Gottesdienst ab Himmelfahrt?

Felix Gmür, Präsident der Schweizer Bischofskonferenz und Bischof des Bistums Basel mit Sitz in Solothurn. Foto: SBK
Felix Gmür, Präsident der Schweizer Bischofskonferenz und Bischof des Bistums Basel mit Sitz in Solothurn. Foto: SBK

Solothurn (idea/dg) – Dass seit dem 11. Mai vieles möglich und offen ist, Gottesdienste aber wegen des Corona-Lockdowns verboten sind, kann der katholische Bischof Felix Gmür den Gläubigen nicht mehr vermitteln. Dies schreibt er als Präsident der Schweizerischen Bischofskonferenz SBK in einem Brief an den Bundesrat.
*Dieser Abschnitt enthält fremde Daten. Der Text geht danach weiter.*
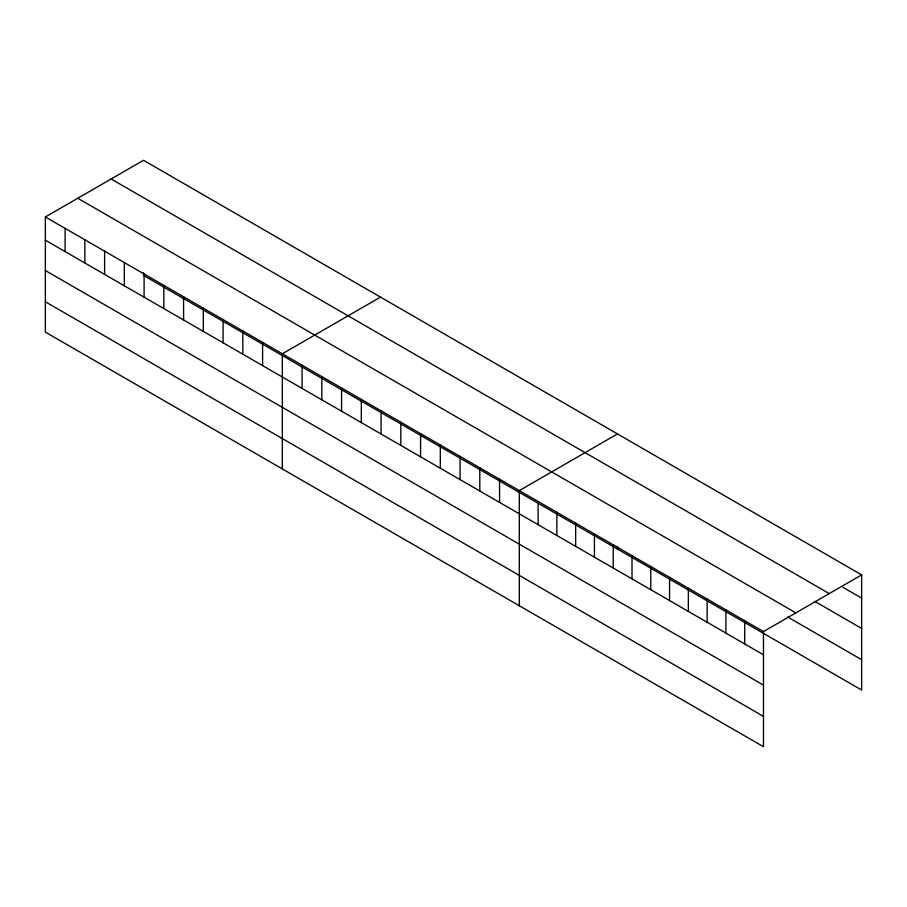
<?xml version="1.0" encoding="UTF-8"?>
<svg xmlns="http://www.w3.org/2000/svg" width="907" height="907" viewBox="0 0 907 907"><rect width="100%" height="100%" fill="white"/><g stroke="black" fill="none" stroke-linecap="round" stroke-linejoin="round"><path stroke-width="1.36" d="M861.65 574.891L763.479 631.578L763.479 746.71L45.35 332.109L45.35 216.966L143.521 160.29L861.65 574.891L861.65 690.034L143.521 275.422L143.521 272.667M380.509 297.111L282.326 353.787L282.326 468.93M617.486 433.931L519.314 490.608L519.314 605.74M842.864 587.26L861.65 598.11M111.13 178.996L829.247 593.597M814.69 601.33L861.65 628.449M77.753 198.259L795.87 612.871M787.695 616.998L861.65 659.695M45.35 216.966L763.479 631.578M45.35 240.185L763.479 654.786M45.35 270.513L763.479 685.125M45.35 301.77L763.479 716.383M744.692 620.728L744.692 643.947M725.917 609.889L725.917 633.097M707.131 599.039L707.131 622.259M688.345 588.201L688.345 611.42M669.57 577.362L669.57 600.57M650.784 566.512L650.784 589.731M632.009 555.674L632.009 578.881M617.486 546.309L617.486 549.064M613.223 544.824L613.223 568.043M594.436 533.985L594.436 557.193M575.662 523.135L575.662 546.354M556.875 512.296L556.875 535.515M538.1 501.458L538.1 524.665M499.564 479.202L499.564 502.421M479.814 467.808L479.814 491.016M460.064 456.402L460.064 479.622M440.314 444.997L440.314 468.216M420.576 433.603L420.576 456.811M400.826 422.197L400.826 445.416M381.076 410.792L381.076 434.011M361.326 399.397L361.326 422.605M341.576 387.992L341.576 411.211M321.826 376.586L321.826 399.806M302.076 365.192L302.076 388.4M262.588 342.392L262.588 365.6M242.838 330.987L242.838 354.195M223.088 319.581L223.088 342.801M203.338 308.187L203.338 331.395M183.588 296.782L183.588 319.99M163.838 285.376L163.838 308.595M144.088 273.982L144.088 297.19M124.338 262.577L124.338 285.784M104.6 251.171L104.6 274.39M84.85 239.777L84.85 262.985M65.1 228.371L65.1 251.579"/></g></svg>

Die katholischen Kirchen hätten bisher die Massnahmen des Bundesrates stets mitgetragen und nach bestem Wissen und Gewissen an die Gläubigen vermittelt. Im Namen der SBK dankt Felix dem Bundesrat denn auch für sein „beherztes und umsichtiges Vorgehen in der aktuellen Coronakrise“.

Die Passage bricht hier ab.